Na saúde, os números revelam outra distorção. A Semsa tem 1.340 terceirizados distribuídos entre 46 empresas diferentes. A pulverização é a maior entre todas as secretarias. Enquanto profissionais são contratados para exercer anestesiologia, enfermagem e radiologia sem vínculo efetivo, a diversidade de prestadoras inviabiliza fiscalização adequada, fragiliza o controle de repasses e expõe a secretaria a riscos administrativos e operacionais.
Efeitos
Os efeitos dessa política se traduzem no cotidiano dos trabalhadores. Um funcionário da Silva Serviços Combinados, lotado em uma escola da rede municipal, relatou atrasos salariais, ausência de contracheques, falta de vale-alimentação e vale-transporte, além da inexistência de férias remuneradas. Ele afirma que a empresa alega recesso escolar como período de férias, sem qualquer remuneração adicional. Também denuncia falta de EPIs para limpeza, incluindo o manuseio de banheiros.
Mesmo diante das irregularidades relatadas, a prefeitura mantém e amplia contratos. A Murb teve seu contrato renovado por mais um ano para conservação e limpeza de vias públicas. O valor previsto é de R$ 114,8 milhões, montante equivalente a quase metade da folha mensal do pessoal ativo do município. O contraste entre o volume de recursos destinados às terceirizadas e a desvalorização dos servidores concursados reforça a inversão de prioridades da gestão.
Os documentos analisados mostram um modelo baseado na expansão de terceirizações em detrimento da estrutura estatal. A prefeitura entrega atividades-fim e setores essenciais a empresas privadas ao mesmo tempo em que mantém déficit de profissionais efetivos. O resultado é uma administração fragmentada, vulnerável, dependente de grupos empresariais específicos e marcada por irregularidades trabalhistas recorrentes entre funcionários terceirizados.
O cenário confirma a consolidação de uma política administrativa que se distancia da transparência, compromete a eficiência dos serviços e transfere responsabilidades do poder público para empresas que operam sem fiscalização à altura da relevância dos serviços que executam.
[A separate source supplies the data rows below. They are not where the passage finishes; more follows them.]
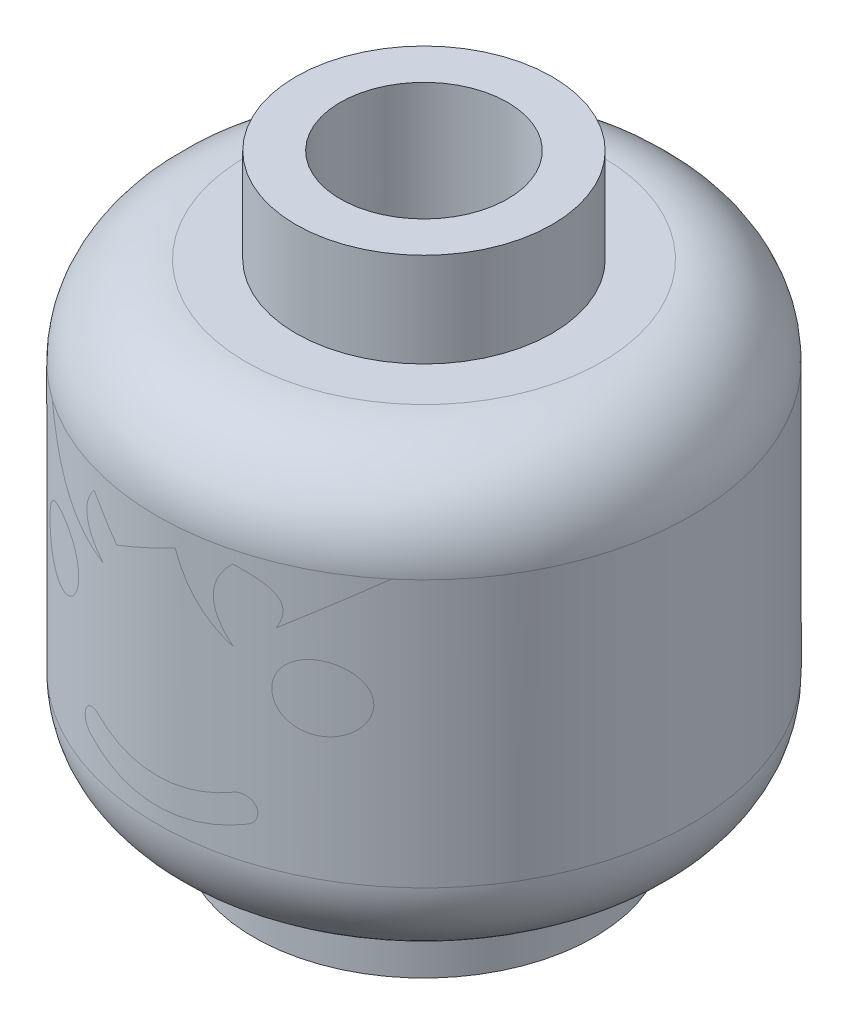
SolidWorks part; units mm, degrees
ref_plane "Front Plane" through (0, 0, 0) normal (0, 0, 1) x (1, 0, 0)
ref_plane "Top Plane" through (0, 0, 0) normal (0, 1, 0) x (1, 0, 0)
ref_plane "Right Plane" through (0, 0, 0) normal (1, 0, 0) x (0, 0, -1)
sketch "Sketch1" plane through (0, 0, 0) normal (0, 0, 1) x (1, 0, 0)
  line L0 (0, 0) -> (0, 11.4) construction
  line L1 (0, 9.4) -> (1.6, 9.4)
  line L2 (1.6, 9.4) -> (1.6, 11.4)
  line L3 (1.6, 11.4) -> (2.45, 11.4)
  line L4 (2.45, 11.4) -> (2.45, 9.6)
  line L5 (2.45, 9.6) -> (3.4, 9.6)
  line L6 (5.1, 7.9) -> (5.1, 2.8)
  line L7 (3.4, 1.1) -> (3.25, 1.1)
  line L8 (3.25, 1.1) -> (3.25, 0)
  line L9 (3.25, 0) -> (2.45, 0)
  line L10 (2.45, 0) -> (2.45, 8.5)
  line L11 (2.45, 8.5) -> (0, 8.5)
  line L12 (0, 8.5) -> (0, 9.4)
  arc A0 (5.1, 2.8) -> (3.4, 1.1) centre (3.4, 2.8) cw
  arc A1 (3.4, 9.6) -> (5.1, 7.9) centre (3.4, 7.9) cw
  dimension "D10" = 1.7
  dimension "D1" = 1.6
  dimension "D2" = 2
  dimension "D3" = 1.8
  dimension "D4" = 2.9
  dimension "D5" = 2.45
  dimension "D6" = 2.65
  dimension "D7" = 0.8
  dimension "D8" = 1.1
  dimension "D9" = 9.6
  dimension "D11" = 2.45
revolve "Revolve1" add sketch "Sketch1" angle 360 about L0
sketch "Sketch2" plane through (0, 0, 0) normal (0, 0, 1) x (1, 0, 0)
  line L0 (0, 11.4) -> (0, 0) construction
  line L1 (2.45, 11.4) -> (-2.45, 11.4) construction
  line L2 (-5.1, 5.8) -> (5.098, 5.8) construction
  line L3 (-5.1, 7.9) -> (-5.1, 2.8) construction
  line L4 (-5.1, 3.1) -> (5.1, 3.1) construction
  line L5 (5.1, 2.8) -> (5.1, 7.9) construction
  line L6 (1.6, 11.4) -> (-1.6, 11.4) construction
  line L7 (-3.25, 0) -> (3.25, 0) construction
  line L8 (5.1, 7.9) -> (-5.1, 7.9) construction
  line L9 (-1.4, 7.5309) -> (-0.8439, 6.9626)
  line L10 (-0.8439, 6.9626) -> (0.3331, 7.5309)
  line L11 (1.9025, 6.8171) -> (3.2817, 7.9)
  line L12 (3.2817, 7.9) -> (-2.9319, 7.9)
  circle A0 centre (-2.47, 5.8) radius 0.625
  circle A1 centre (2.47, 5.8) radius 0.625
  arc A2 (1.4, 3.667) -> (-1.4, 3.667) centre (0, 6.6) cw construction
  arc A3 (-1.5077, 3.4414) -> (1.5077, 3.4414) centre (0, 6.6) ccw
  arc A4 (-1.2923, 3.8926) -> (1.2923, 3.8926) centre (0, 6.6) ccw
  arc A5 (-1.2923, 3.8926) -> (-1.5077, 3.4414) centre (-1.4, 3.667) ccw
  arc A6 (1.5077, 3.4414) -> (1.2923, 3.8926) centre (1.4, 3.667) ccw
  spline S0 degree 2 poles (-2.9319, 7.9) (-2.3811, 6.7328) (-1.1715, 6.4748) knots 0 0 0 1 1 1
  spline S1 degree 2 poles (-1.1715, 6.4748) (-1.8983, 6.958) (-1.4, 7.5309) knots 0 0 0 1 1 1
  spline S2 degree 2 poles (0.3331, 7.5309) (0.5973, 6.7218) (1.2923, 6.2997) knots 0 0 0 1 1 1
  spline S3 degree 2 poles (1.2923, 6.2997) (0.6703, 7.0706) (1.2801, 7.6662) knots 0 0 0 1 1 1
  spline S4 degree 2 poles (1.2801, 7.6662) (2.2583, 7.4484) (1.9025, 6.8171) knots 0 0 0 1 1 1
  point P24 (0, 3.35)
  dimension "D3" = 1.25
  dimension "D5" = 0.25
  dimension "D7" = 3.5
  dimension "D1" = 5.6
  dimension "D2" = 3.1
  dimension "D4" = 4.94
  dimension "D6" = 2.8
split line "Split Line1"
sketch "Sketch3" plane through (0, 9.4, 0) normal (0, 1, 0) x (1, 0, 0)
  line L0 (0, 0) -> (0, 1.6) construction
  line L1 (0, 0) -> (-1.3856, -0.8) construction
  line L2 (-0.42, 0.2425) -> (-1.547, -0.4082)
  line L3 (-0.42, 0.2425) -> (-0.42, 1.5439)
  line L4 (-0.42, 0.2425) -> (-0.42, 1.6) construction
  line L5 (-0.42, 0.2425) -> (-1.5956, -0.4363) construction
  circle A0 centre (0, 0) radius 1.6 construction
  circle A2 centre (0, 0) radius 1.6
  arc A3 (-0.42, 1.5439) -> (-1.547, -0.4082) centre (0, 0) ccw
  dimension "D1" = 120
  dimension "D2" = 0.42
  dimension "D3" = 0
extrude "Cut-Extrude1" cut sketch "Sketch3" against normal through all
pattern_circular "CirPattern1" count 3 over 360 about axis through (0, 0, 0) along (0, -1, 0) of "Cut-Extrude1" reverse direction yes
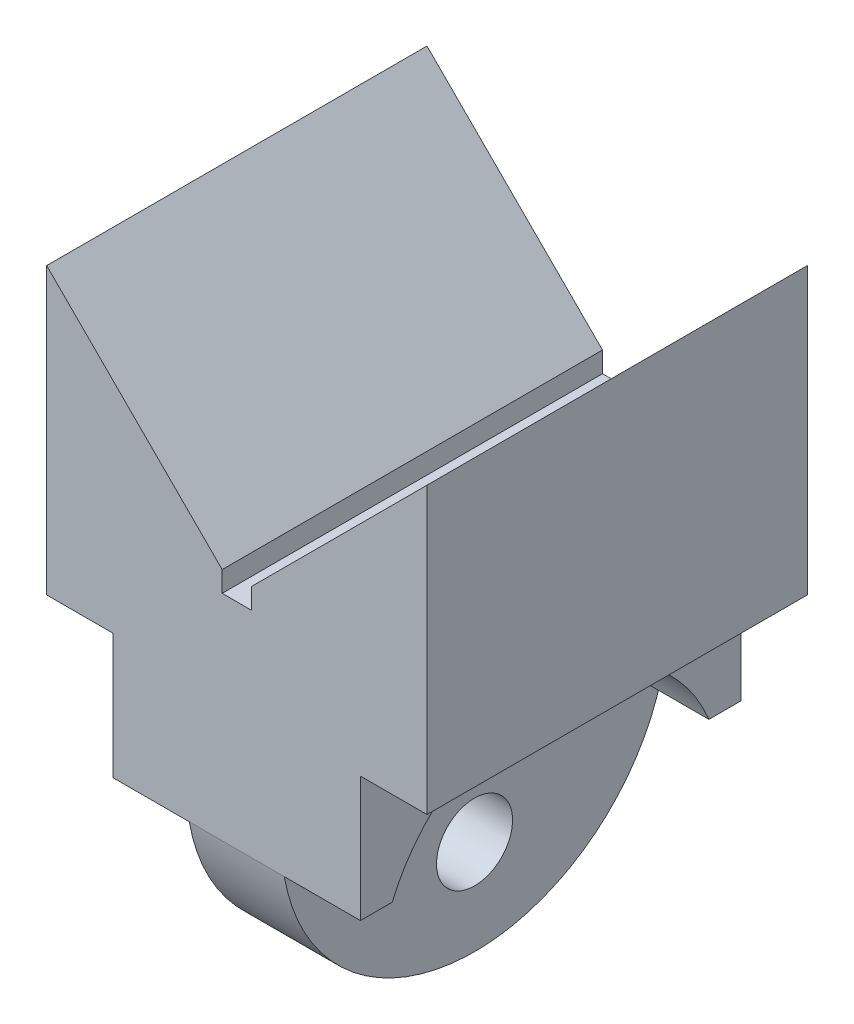
SolidWorks part; units mm, degrees
ref_plane "Alzado" through (0, 0, 0) normal (0, 0, 1) x (1, 0, 0)
ref_plane "Planta" through (0, 0, 0) normal (0, 1, 0) x (1, 0, 0)
ref_plane "Vista lateral" through (0, 0, 0) normal (1, 0, 0) x (0, 0, -1)
sketch "Croquis1" plane through (0, 0, 0) normal (0, 0, 1) x (1, 0, 0)
  line L0 (0, 0) -> (0, 109.5959) construction
  line L1 (2.5, 0) -> (-2.5, 0)
  line L2 (-2.5, 0) -> (-2.5, 15)
  line L3 (-2.5, 15) -> (-10, 15)
  line L4 (-10, 15) -> (-10, 30)
  line L5 (-10, 30) -> (-0.771, 20.771)
  line L6 (-0.771, 20.771) -> (-0.771, 19.6882)
  line L7 (-0.771, 19.6882) -> (0.771, 19.6882)
  line L8 (0.771, 20.771) -> (0.771, 19.6882)
  line L9 (10, 30) -> (0.771, 20.771)
  line L10 (10, 15) -> (10, 30)
  line L11 (2.5, 15) -> (10, 15)
  line L12 (2.5, 0) -> (2.5, 15)
  point P6 (-16.9137, 46.7939)
  point P11 (-2.8094, 39.9004)
  point P12 (-12.5, 64.732)
  point P13 (-1.3445, 18.2869)
  point P14 (-0.6931, 18.807)
  point P15 (-1.0326, 18.1845)
  point P17 (0, 19.6882)
  point P22 (0.9512, 17.9512)
  point P23 (-0.771, 16.6882)
  dimension "D1" = 45
  dimension "D2" = 15
  dimension "D3" = 7.5
  dimension "D4" = 2.5
  dimension "D5" = 15
extrude "Saliente-Extruir1" add sketch "Croquis1" along normal blind 20
sketch "Croquis2" plane through (-2.5, 0, 0) normal (-1, 0, 0) x (0, 0, 1)
  line L0 (10, 0) -> (10, 12.1435) construction
  line L1 (20, 0) -> (0, 0) construction
  circle A0 centre (10, 5) radius 2
  dimension "D1" = 4
extrude "Cortar-Extruir1" cut sketch "Croquis2" against normal through all contours A0
sketch "Croquis3" plane through (-2.5, 0, 0) normal (-1, 0, 0) x (0, 0, 1)
  line L3 (10, 5) -> (10, 15) construction
  line L4 (20, 0) -> (0, 0) construction
  line L6 (0, 8.4205) -> (0, 15)
  line L7 (0, 15) -> (20, 15)
  line L8 (20, 15) -> (20, 8.4205)
  line L9 (0, 8.4205) -> (1.6753, 8.4205)
  line L10 (18.3247, 8.4205) -> (20, 8.4205)
  line L11 (0, 5) -> (20, 5) construction
  arc A0 (1.6753, 8.4205) -> (18.3247, 8.4205) centre (10, 5) cw
  circle A3 centre (10, 5) radius 2 construction
  point P4 (10, 0)
  point P5 (1.6753, 8.4205)
  point P12 (1.1263, 9.6106)
  dimension "D1" = 9
extrude "Saliente-Extruir3" add sketch "Croquis3" along normal blind 4
ref_plane "Plano2" through (0, 0, 0) normal (-1, 0, 0) x (0, 0, 1)
mirror "Simetría2" about plane through (0, 0, 0) normal (-1, 0, 0) of "Saliente-Extruir3"
sketch "Croquis5" plane through (-2.5, 0, 0) normal (-1, 0, 0) x (0, 0, 1)
  line L0 (0, 8.4205) -> (0, 0)
  line L1 (0, 0) -> (20, 0)
  line L2 (20, 0) -> (20, 8.4205)
  line L3 (20, 8.4205) -> (19.9912, 8.2093)
  arc A0 (0, 8.4205) -> (20, 8.4205) centre (10, 10.1481) ccw
  line M3 (0, 8.4205) -> (0, 0)
  line M4 (0, 0) -> (20, 0)
  line M5 (20, 0) -> (20, 8.4205)
extrude "Cortar-Extruir3" cut sketch "Croquis5" against normal through all contours A0 M3 M4 | A0 L1 M5 region at (-2.5, 2.1231, 2.2594) region at (-2.5, 2.1231, 17.7406)
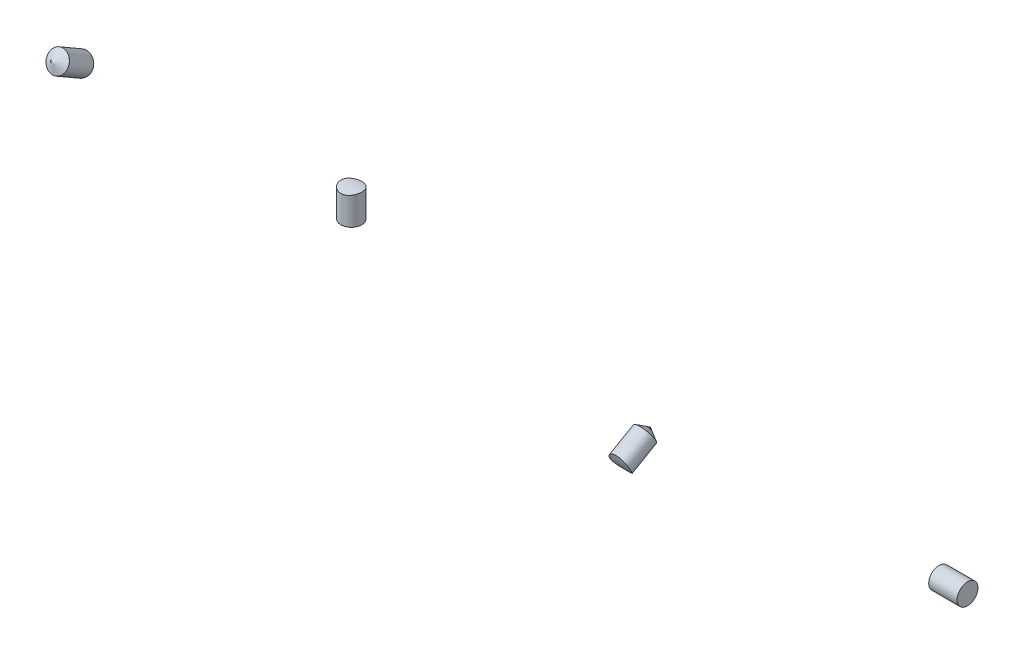
SolidWorks part; units mm, degrees
material "Custom Plastic"
ref_plane "Front Plane" through (0, 0, 0) normal (0, 0, 1) x (1, 0, 0)
ref_plane "Top Plane" through (0, 0, 0) normal (0, 1, 0) x (1, 0, 0)
ref_plane "Right Plane" through (0, 0, 0) normal (1, 0, 0) x (0, 0, -1)
sketch "Sketch1" plane through (0, 0, 0) normal (1, 0, 0) x (0, 0, -1)
  circle A0 centre (0, 0) radius 11.11
  dimension "D1" = 22.22
extrude "Boss-Extrude1" add sketch "Sketch1" along normal blind 304
hole_wizard "Ø3.0 (3) Diameter Hole2" positions "Sketch7" profile "Sketch6" hole size "Ø3.0" standard "ANSI Metric"
sketch "Sketch7" plane through (0, 0, 0) normal (-1, 0, 0) x (0, 0, 1)
  point P0 (0, 5.3)
  dimension "D1" = 5.3
sketch "Sketch6" plane through (0, 5.3, 0) normal (0, 1, 0) x (0, 0, 1)
  line L0 (0, 0) -> (0, 11.9013)
  line L1 (0, 11.9013) -> (1.5, 11)
  line L2 (1.5, 11) -> (1.5, 0)
  line L5 (1.5, 0) -> (0, 0)
  line L10 (0, 11.9013) -> (-1.5, 11) construction
  line L11 (0, -6.35) -> (0, 107.95) construction
  dimension "Hole Dia." = 3
  dimension "Hole Depth" = 11
  dimension "Drill Angle" = 118
ref_plane "Plane1" through (0, 11.11, 0) normal (0, 1, 0) x (1, 0, 0)
hole_wizard "13/64 (0.20313) Diameter Hole2" positions "Sketch11" profile "Sketch10" hole size "13/64" standard "ANSI Inch"
sketch "Sketch11" plane through (0, 11.11, 0) normal (0, 1, 0) x (1, 0, 0)
  point P1 (152, 0)
  dimension "D1" = 152
sketch "Sketch10" plane through (152, 11.11, 0) normal (1, 0, 0) x (0, 0, 1)
  line L0 (0, 0) -> (0, 8.5501)
  line L1 (0, 8.5501) -> (2.5798, 7)
  line L2 (2.5798, 7) -> (2.5798, 0)
  line L5 (2.5798, 0) -> (0, 0)
  line L10 (0, 8.5501) -> (-2.5798, 7) construction
  line L11 (0, -6.35) -> (0, 107.95) construction
  dimension "Hole Dia." = 5.1595
  dimension "Hole Depth" = 7
  dimension "Drill Angle" = 118
ref_plane "Plane2" through (0, -5.555, 9.6215) normal (0, -0.5, 0.866) x (-1, 0, 0)
ref_plane "Plane3" through (0, -5.555, -9.6215) normal (0, -0.5, -0.866) x (-1, 0, 0)
hole_wizard "13/64 (0.20313) Diameter Hole4" positions "Sketch15" profile "Sketch14" hole size "13/64" standard "ANSI Inch"
sketch "Sketch15" plane through (0, -5.555, -9.6215) normal (0, -0.5, -0.866) x (-1, 0, 0)
  point P0 (-76, 0)
  dimension "D1" = 76
sketch "Sketch14" plane through (76, -5.555, -9.6215) normal (1, 0, 0) x (0, 0.866, -0.5)
  line L0 (0, 0) -> (0, 8.5501)
  line L1 (0, 8.5501) -> (2.5798, 7)
  line L2 (2.5798, 7) -> (2.5798, 0)
  line L5 (2.5798, 0) -> (0, 0)
  line L10 (0, 8.5501) -> (-2.5798, 7) construction
  line L11 (0, -6.35) -> (0, 107.95) construction
  dimension "Hole Dia." = 5.1595
  dimension "Hole Depth" = 7
  dimension "Drill Angle" = 118
hole_wizard "13/64 (0.20313) Diameter Hole5" positions "Sketch17" profile "Sketch16" hole size "13/64" standard "ANSI Inch"
sketch "Sketch17" plane through (0, -5.555, 9.6215) normal (0, -0.5, 0.866) x (-1, 0, 0)
  point P0 (-228, 0)
  dimension "D1" = 228
sketch "Sketch16" plane through (228, -5.555, 9.6215) normal (1, 0, 0) x (0, -0.866, -0.5)
  line L0 (0, 0) -> (0, 8.5501)
  line L1 (0, 8.5501) -> (2.5798, 7)
  line L2 (2.5798, 7) -> (2.5798, 0)
  line L5 (2.5798, 0) -> (0, 0)
  line L10 (0, 8.5501) -> (-2.5798, 7) construction
  line L11 (0, -6.35) -> (0, 107.95) construction
  dimension "Hole Dia." = 5.1595
  dimension "Hole Depth" = 7
  dimension "Drill Angle" = 118
hole_wizard "13/64 (0.20313) Diameter Hole6" positions "Sketch19" profile "Sketch18" hole size "13/64" standard "ANSI Inch"
sketch "Sketch19" plane through (304, 0, 0) normal (1, 0, 0) x (0, 0, -1)
  point P0 (0, 0)
sketch "Sketch18" plane through (304, 0, 0) normal (0, 1, 0) x (0, 0, -1)
  line L0 (0, 0) -> (0, 8.5501)
  line L1 (0, 8.5501) -> (2.5798, 7)
  line L2 (2.5798, 7) -> (2.5798, 0)
  line L5 (2.5798, 0) -> (0, 0)
  line L10 (0, 8.5501) -> (-2.5798, 7) construction
  line L11 (0, -6.35) -> (0, 107.95) construction
  dimension "Hole Dia." = 5.1595
  dimension "Hole Depth" = 7
  dimension "Drill Angle" = 118
sketch "Sketch20" plane through (0, 0, 0) normal (-1, 0, 0) x (0, 0, 1)
  circle A0 centre (0, 0) radius 11.11
  circle A1 centre (0, 0) radius 11.11
sketch "Sketch22" plane through (0, 0, 0) normal (1, 0, 0) x (0, 0, -1)
  circle A0 centre (0, 0) radius 11.11
  dimension "D1" = 22.22
extrude "Boss-Extrude5" add sketch "Sketch22" along normal blind 304 separate body
delete or keep bodies "Body-Delete/Keep 1" type delete bodies bodies 113
sketch "Sketch23" plane through (304, 0, 0) normal (1, 0, 0) x (0, 0, -1)
  circle A0 centre (0, 0) radius 11.11
extrude "Boss-Extrude6" add sketch "Sketch23" against normal blind 264 separate body
combine bodies "Combine3" operation type subtract main body 119 bodies to subtract 109

A população paga a conta enquanto a prefeitura se afasta das obrigações que a Constituição estabelece.
Outro lado
O RDA solicitou posicionamento da Prefeitura de Manaus sobre o avanço da terceirização na administração municipal e fez os seguintes questionamentos:
Por qual motivo a prefeitura mantém a terceirização em larga escala mesmo em áreas onde seria possível realizar concurso público, inclusive para funções de apoio?
Como a administração municipal fiscaliza e comprova, de forma sistemática, que todos os terceirizados estão efetivamente prestando serviço nos locais designados?
Qual é a justificativa para a presença de terceirizados em atividades que integram a função essencial de secretarias como a Semsa, especialmente em serviços de saúde que tradicionalmente exigem vínculo público e estabilidade?
Até a publicação, sem retorno. O espaço segue aberto para devidos esclarecimentos.